Extracted material:
§ §
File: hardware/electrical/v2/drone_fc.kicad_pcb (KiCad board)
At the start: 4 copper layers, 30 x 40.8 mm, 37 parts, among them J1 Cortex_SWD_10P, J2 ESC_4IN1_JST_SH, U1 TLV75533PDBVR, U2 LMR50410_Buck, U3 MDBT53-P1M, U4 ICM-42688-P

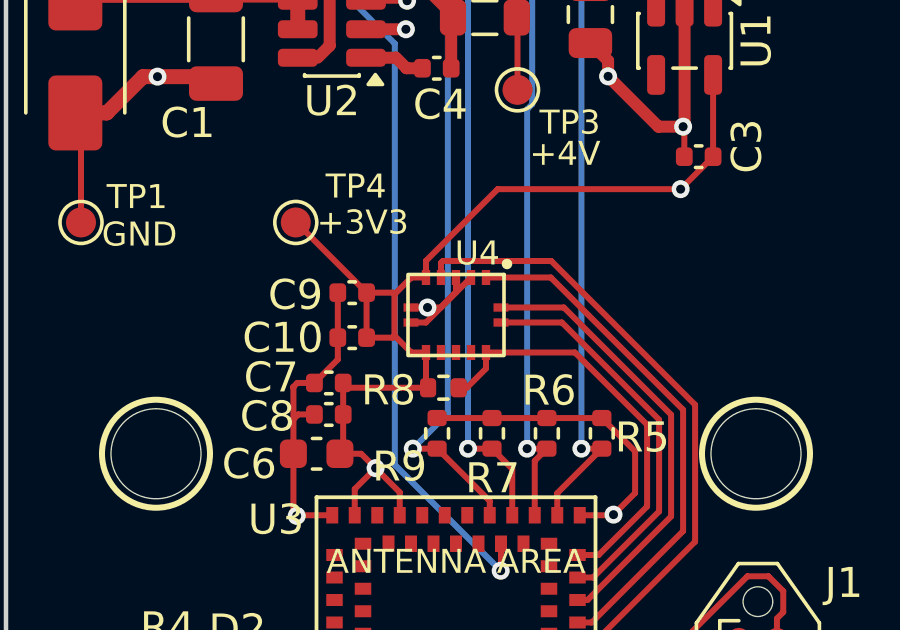
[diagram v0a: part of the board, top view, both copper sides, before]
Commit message: u4: fix ICM-42688-P footprint pad layout to match the datasheet
Pins 5 and 12 were placed as a 5th pad on the left/right edges
instead of on the bottom/top edges, giving a 5-5-2-2 pad distribution
across the four sides instead of the correct 4-3-4-3 (per Figure 5,
the pin-out diagram in DS-000347 rev 1.6, page 20). Text-extracting
the datasheet's pin table alone didn't catch this - it only confirmed
pin numbers map to the right signal names, not that the physical pad
positions matched the package outline. Rendering the actual diagram
page as an image caught the mismatch.

Moves pin 5 (VDDIO) onto the bottom edge and pin 12 (AP_CS) onto the
top edge, each at the correct 0.5 mm pitch alongside pins 6/7 and
13/14. Board re-routed for the two moved pads, including a GND via
that had ended up too close to the relocated pad 5.

ERC clean, DRC clean (0 errors, 0 unconnected).
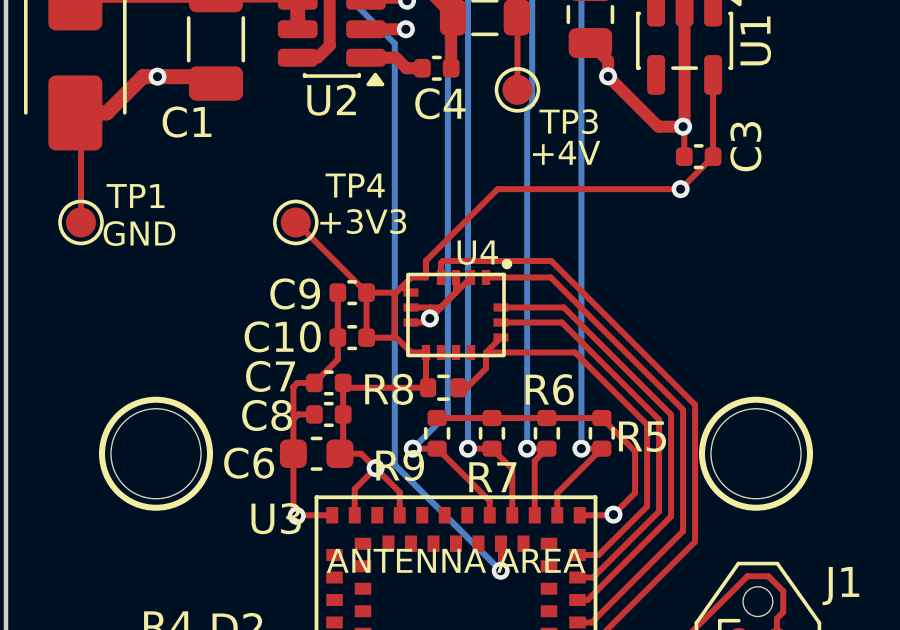
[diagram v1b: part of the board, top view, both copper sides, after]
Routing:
- net GND: track 69.5 -> 70.2 mm
- net /IMU_CS: track 13.8 -> 14.5 mm
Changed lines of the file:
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@@
 		(sheetname "/")
 		(sheetfile "drone_fc.kicad_sch")
-		(units
-			(unit
-				(name "A")
-				(pins "13" "1" "14" "12" "4" "9" "8" "5" "11" "2" "6" "7" "3" "10")
-			)
-		)
 		(attr smd)
 		(duplicate_pad_numbers_are_jumpers no)
@@
 		)
 		(pad "5" smd rect
-			(at -1.25 1 270)
-			(size 0.5 0.28)
+			(at -0.75 1.5 270)
+			(size 0.28 0.5)
 			(layers "F.Cu" "F.Mask" "F.Paste")
 			(net "/+3V3")
@@
 		)
 		(pad "12" smd rect
-			(at 1.25 -1 270)
-			(size 0.5 0.28)
+			(at 0.75 -1.5 270)
+			(size 0.28 0.5)
 			(layers "F.Cu" "F.Mask" "F.Paste")
 			(net "/IMU_CS")
@@
 	)
 	(segment
-		(start 98.5 105.125)
-		(end 99.05 105.125)
+		(start 94.57 107.78)
+		(end 94.58 107.79)
 		(width 0.2)
 		(layer "F.Cu")
@@
 	)
 	(segment
-		(start 94.57 107.78)
-		(end 94.58 107.79)
+		(start 99.49 105.12919)
+		(end 99.12919 105.49)
 		(width 0.2)
 		(layer "F.Cu")
@@
 	)
 	(segment
-		(start 100 104.615)
-		(end 100 104.125)
-		(width 0.2)
-		(layer "F.Cu")
-		(net "GND")
-	)
-	(segment
 		(start 94.74 108.69)
 		(end 94.58 108.85)
@@
 	)
 	(segment
-		(start 99.49 105.125)
-		(end 100 104.615)
+		(start 100 104.615)
+		(end 100 104.125)
 		(width 0.2)
 		(layer "F.Cu")
@@
 	)
 	(segment
+		(start 98.5 105.125)
+		(end 99.12919 105.125)
+		(width 0.2)
+		(layer "F.Cu")
+		(net "GND")
+	)
+	(segment
 		(start 96.06 106.13)
 		(end 96.06 104.63)
@@
 	)
 	(segment
+		(start 99.49 105.125)
+		(end 100 104.615)
+		(width 0.2)
+		(layer "F.Cu")
+		(net "GND")
+	)
+	(segment
 		(start 89.87 116.88)
 		(end 89.87 119.39)
@@
 	)
 	(segment
+		(start 99.49 105.125)
+		(end 99.49 105.12919)
+		(width 0.2)
+		(layer "F.Cu")
+		(net "GND")
+	)
+	(segment
 		(start 104.125 112.05)
 		(end 105.23 112.05)
@@
 	)
 	(segment
-		(start 99.05 105.125)
-		(end 99.49 105.125)
+		(start 94.58 110)
+		(end 94.58 111.96)
 		(width 0.2)
 		(layer "F.Cu")
@@
 	)
 	(segment
-		(start 94.58 110)
-		(end 94.58 111.96)
+		(start 99.12919 105.125)
+		(end 99.49 105.125)
 		(width 0.2)
 		(layer "F.Cu")
@@
 	)
 	(via
-		(at 99.05 105.125)
+		(at 105.31 121.25)
 		(size 0.6)
 		(drill 0.3)
@@
 	)
 	(via
-		(at 105.31 121.25)
+		(at 105.25 112.03)
 		(size 0.6)
 		(drill 0.3)
@@
 	)
 	(via
-		(at 105.25 112.03)
+		(at 99.12919 105.49)
 		(size 0.6)
 		(drill 0.3)
@@
 	)
 	(segment
+		(start 99.12919 105.49)
+		(end 99.32919 105.49)
+		(width 0.2)
+		(layer "B.Cu")
+		(net "GND")
+	)
+	(segment
 		(start 99 107.73)
 		(end 99 106.625)
@@
 	(segment
 		(start 98.51 104.125)
-		(end 97.95 104.685)
+		(end 98.2125 104.4225)
 		(width 0.2)
 		(layer "F.Cu")
@@
 	)
 	(segment
+		(start 98.5 104.625)
+		(end 98.415 104.625)
+		(width 0.2)
+		(layer "F.Cu")
+		(net "/+3V3")
+	)
+	(segment
 		(start 97.02 104.63)
 		(end 97.895 104.63)
@@
 		(net "/+3V3")
 	)
+	(segment
+		(start 98.415 104.625)
+		(end 98.2125 104.4225)
+		(width 0.2)
+		(layer "F.Cu")
+		(net "/+3V3")
+	)
+	(segment
+		(start 98.2125 104.4225)
+		(end 97.95 104.685)
+		(width 0.2)
+		(layer "F.Cu")
+		(net "/+3V3")
+	)
 	(via
 		(at 107.487556 101.18)
@@
 		(width 0.2)
 		(layer "F.Cu")
+		(net "/IMU_CS")
+	)
+	(segment
+		(start 101.5 106.125)
+		(end 101 106.625)
+		(width 0.2)
+		(layer "F.Cu")

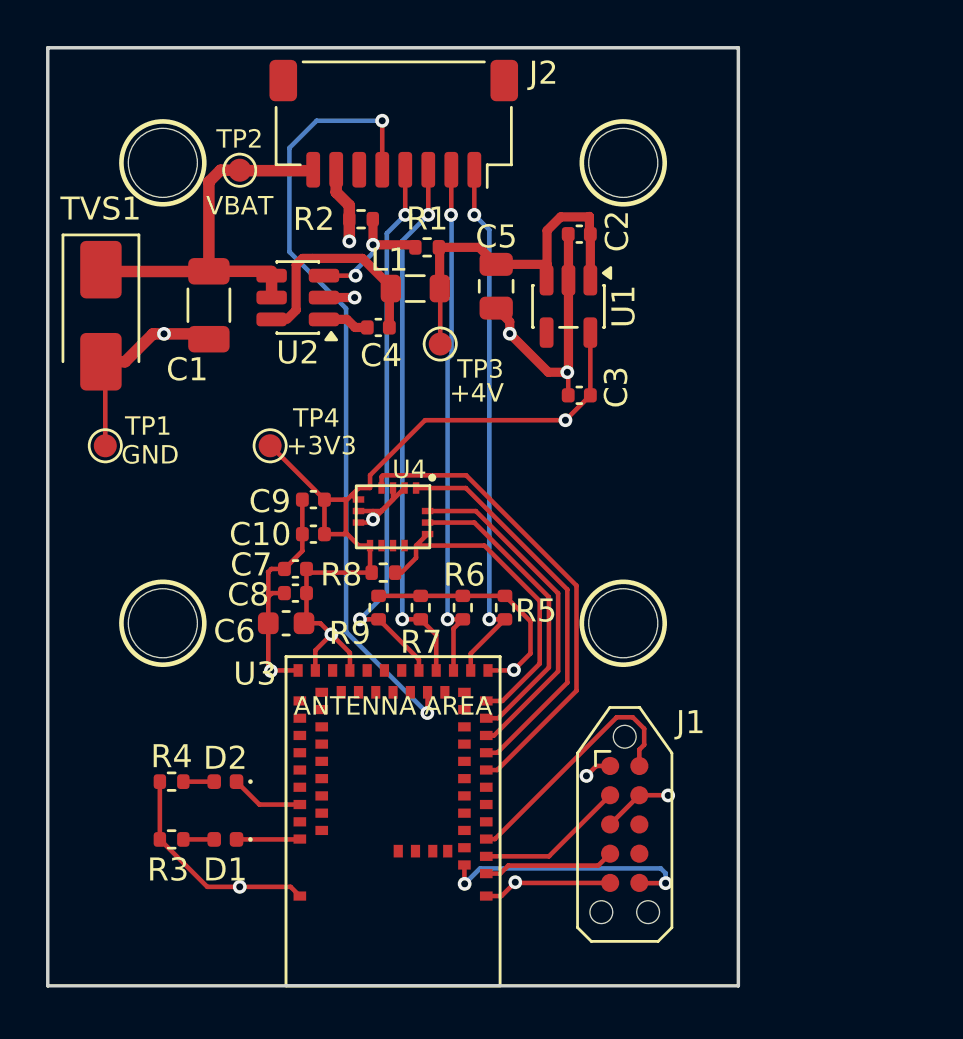
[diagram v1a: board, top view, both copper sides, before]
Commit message: u4: re-center IMU footprint pads and add a 3D model
Pin rows were shifted 0.25 mm off the package centerline on all four
edges (e.g. the left edge read -1.00/-0.50/0.00/+0.50 instead of the
symmetric -0.75/-0.25/+0.25/+0.75 a 0.5 mm pitch, 4-pin edge should
have). Found by rendering the mechanical drawing on page 55 of the
datasheet (DS-000347 rev 1.6) and comparing directly, rather than
trusting the pin-function table alone. Outer edge offsets (+-1.25 mm,
+-1.5 mm) already matched the 2.5x3.0 mm package half-dimensions and
were untouched.

Also adds a 3D model: no vendor STEP exists for the ICM-42688-P, so
this references KiCad's bundled generic LGA-14 3x2.5mm P0.5mm body
(Package_LGA.3dshapes, LayoutBorder3x4y - 3 pins on the short edges,
4 on the long edges, matching this part's pinout), rotated 90 degrees
to align its long axis with ours. Confirmed by render.

Board re-routed for the pad shift; a GND via that ended up too close
to the relocated pad 5 was moved clear. ERC clean, DRC clean (0
errors, 0 unconnected).
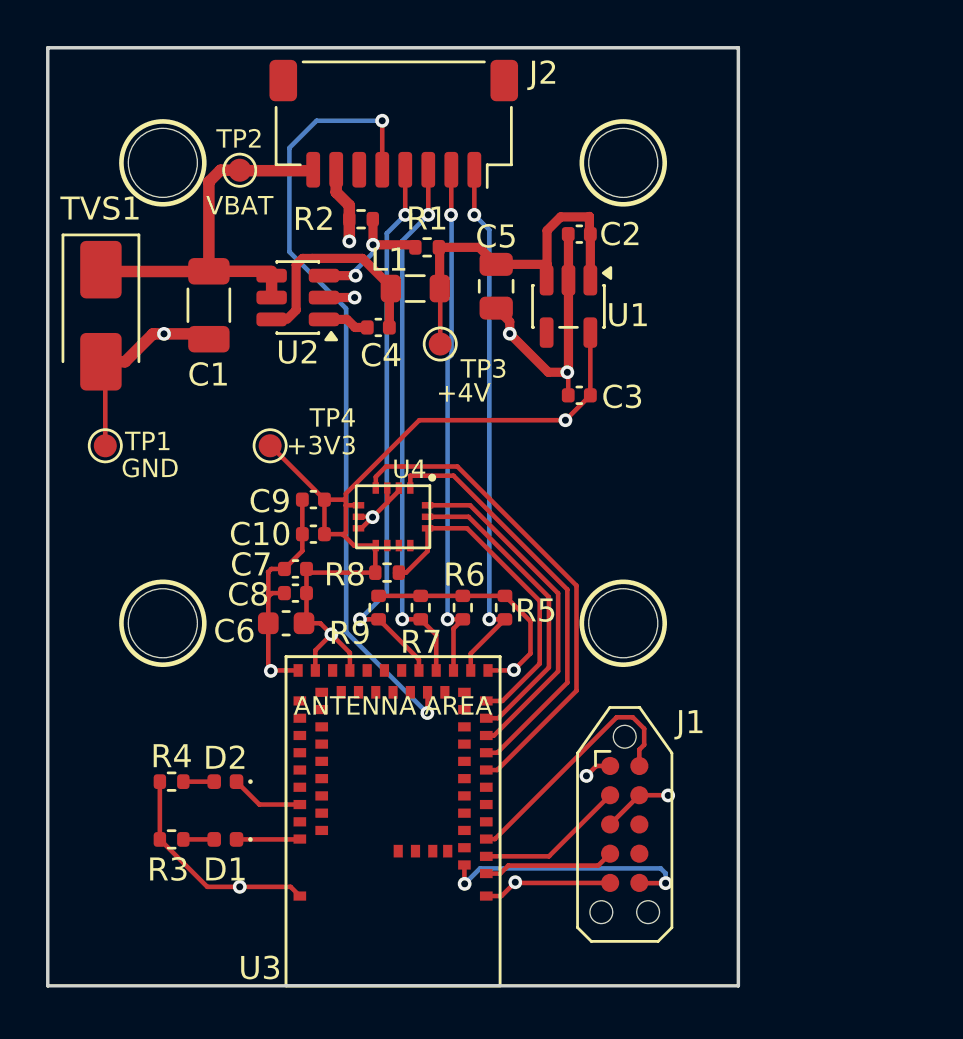
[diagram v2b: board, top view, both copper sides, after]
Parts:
- moved R8 0.16 mm to (99.7, 107.8)
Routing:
- net GND: track 70.2 -> 68.6 mm
- net /SPI_MISO: track 17.2 -> 18.2 mm
- net /IMU_INT1: track 20.9 -> 21.4 mm

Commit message: layout: add silkscreen text
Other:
- board text added: "${PROJECTNAME}"
- board text added: "NRP"
- board text added: "RADIO"
- board text added: "STATUS"
- board text added: "v1.0"
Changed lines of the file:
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@@
 		(layer "Edge.Cuts")
+	)
+	(gr_text "RADIO"
+		(at 89.39 114.95 0)
+		(layer "F.Cu")
+		(effects
+			(font
+				(size 1 1)
+				(thickness 0.15)
+				(bold yes)
+			)
+			(justify left bottom)
+		)
+	)
+	(gr_text ""
+		(at 108.2 104.99 0)
+		(layer "F.Cu")
+		(effects
+			(font
+				(size 1 1)
+				(thickness 0.15)
+				(bold yes)
+			)
+			(justify left bottom)
+		)
+	)
+	(gr_text "${PROJECTNAME}"
+		(at 107.94 103.59 0)
+		(layer "F.SilkS")
+		(effects
+			(font
+				(size 1 1)
+				(thickness 0.1)
+			)
+			(justify left bottom)
+		)
+	)
+	(gr_text "v1.0"
+		(at 107.94 105.065 0)
+		(layer "F.SilkS")
+		(effects
+			(font
+				(size 1 1)
+				(thickness 0.1)
+			)
+			(justify left bottom)
+		)
+	)
+	(gr_text "NRP"
+		(at 107.94 106.54 0)
+		(layer "F.SilkS")
+		(effects
+			(font
+				(size 1 1)
+				(thickness 0.1)
+			)
+			(justify left bottom)
+		)
+	)
+	(gr_text "STATUS"
+		(at 89.23 123.25 0)
+		(layer "F.SilkS")
+		(effects
+			(font
+				(size 1 1)
+				(thickness 0.15)
+				(bold yes)
+			)
+			(justify left bottom)
+		)
 	)
 	(segment

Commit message: hardware: sync PCB symbols and correct LED orientation
Apply the standard symbols and complete module pin metadata to the PCB. Rotate both LEDs to match their corrected polarity, move RADIO to silkscreen, and update the revision marking to v2.1.

Track, via and zone geometry is unchanged. Refilled-zone DRC finds no unconnected pads; only the existing silkscreen and mounting-hole warnings remain. Preserve the previously exported manufacturing files.
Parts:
- moved D1 0.06 mm to (92.7, 119.5), turned to 0 degrees
- turned D2 to 0 degrees
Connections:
- D1 pad 1: Net-(D1-A) -> Net-(D1-K)
- D1 pad 2: Net-(D1-K) -> /LED_STATUS
- D2 pad 1: Net-(D2-A) -> Net-(D2-K)
- D2 pad 2: Net-(D2-K) -> /LED_RADIO
- J1 pad 7: (no net) -> unconnected-(J1-KEY-Pad7)
- J1 pad 8: (no net) -> unconnected-(J1-NC/TDI-Pad8)
- U3 pad 10: (no net) -> unconnected-(U3B-P1.06-Pad10)
- U3 pad 11: (no net) -> unconnected-(U3B-P1.04-Pad11)
- U3 pad 12: (no net) -> unconnected-(U3B-P0.21-Pad12)
- U3 pad 13: (no net) -> unconnected-(U3B-P0.20-Pad13)
- U3 pad 15: (no net) -> unconnected-(U3B-P0.12-Pad15)
- U3 pad 17: (no net) -> unconnected-(U3B-P0.11-Pad17)
- U3 pad 19: (no net) -> unconnected-(U3B-P0.09-Pad19)
- U3 pad 21: (no net) -> unconnected-(U3B-P0.13-Pad21)
- U3 pad 23: (no net) -> unconnected-(U3B-P0.15-Pad23)
- U3 pad 27: (no net) -> unconnected-(U3B-P0.14-Pad27)
- U3 pad 31: (no net) -> unconnected-(U3B-P1.03-Pad31)
- U3 pad 32: (no net) -> unconnected-(U3B-P0.02-Pad32)
- U3 pad 33: (no net) -> unconnected-(U3B-P1.02-Pad33)
- U3 pad 34: (no net) -> unconnected-(U3B-P0.00-Pad34)
- U3 pad 35: (no net) -> unconnected-(U3B-P0.06-Pad35)
- U3 pad 36: (no net) -> unconnected-(U3B-P0.01-Pad36)
- U3 pad 39: (no net) -> unconnected-(U3B-P0.05-Pad39)
- U3 pad 40: (no net) -> unconnected-(U3C-DCCH-Pad40)
- U3 pad 43: (no net) -> unconnected-(U3B-P1.01-Pad43)
- U3 pad 45: (no net) -> unconnected-(U3B-P1.00-Pad45)
- U3 pad 47: (no net) -> unconnected-(U3B-P1.15-Pad47)
- U3 pad 49: (no net) -> unconnected-(U3B-P1.14-Pad49)
- U3 pad 50: (no net) -> unconnected-(U3C-DCCD-Pad50)
- U3 pad 51: (no net) -> unconnected-(U3B-P1.13-Pad51)
- U3 pad 52: (no net) -> unconnected-(U3C-DECD-Pad52)
- U3 pad 53: (no net) -> unconnected-(U3B-P1.12-Pad53)
- U3 pad 54: (no net) -> unconnected-(U3C-DCC-Pad54)
- U3 pad 55: (no net) -> unconnected-(U3B-P1.11-Pad55)
- U3 pad 56: Net-(D2-A) -> /LED_RADIO
- U3 pad 57: (no net) -> unconnected-(U3B-P0.30-Pad57)
- U3 pad 58: (no net) -> unconnected-(U3C-DECR-Pad58)
- U3 pad 59: (no net) -> unconnected-(U3B-P1.10-Pad59)
- U3 pad 60: Net-(D1-A) -> /LED_STATUS
- U3 pad 62: (no net) -> unconnected-(U3B-P0.23-Pad62)
- U3 pad 63: (no net) -> unconnected-(U3B-P1.07-Pad63)
- U3 pad 64: (no net) -> unconnected-(U3B-P1.09-Pad64)
- U3 pad 65: (no net) -> unconnected-(U3B-P0.29-Pad65)
- U3 pad 7: (no net) -> unconnected-(U3B-P0.26-Pad7)
- U3 pad 8: (no net) -> unconnected-(U3B-P0.24-Pad8)
- U3 pad 9: (no net) -> unconnected-(U3B-P0.25-Pad9)
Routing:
- net Net-(D2-A): track 3.16 -> 0.00 mm
- net /LED_RADIO: track 0.00 -> 3.16 mm
- net Net-(D1-A): track 2.73 -> 0.00 mm
- net /LED_STATUS: track 0.00 -> 2.73 mm
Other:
- board text added: "v2.1"
- board text removed: "v1.0"
§ §
Exercise aim: Return every line in the records that includes the string "turned".

Answer area:
- moved D1 0.06 mm to (92.7, 119.5), turned to 0 degrees
- turned D2 to 0 degrees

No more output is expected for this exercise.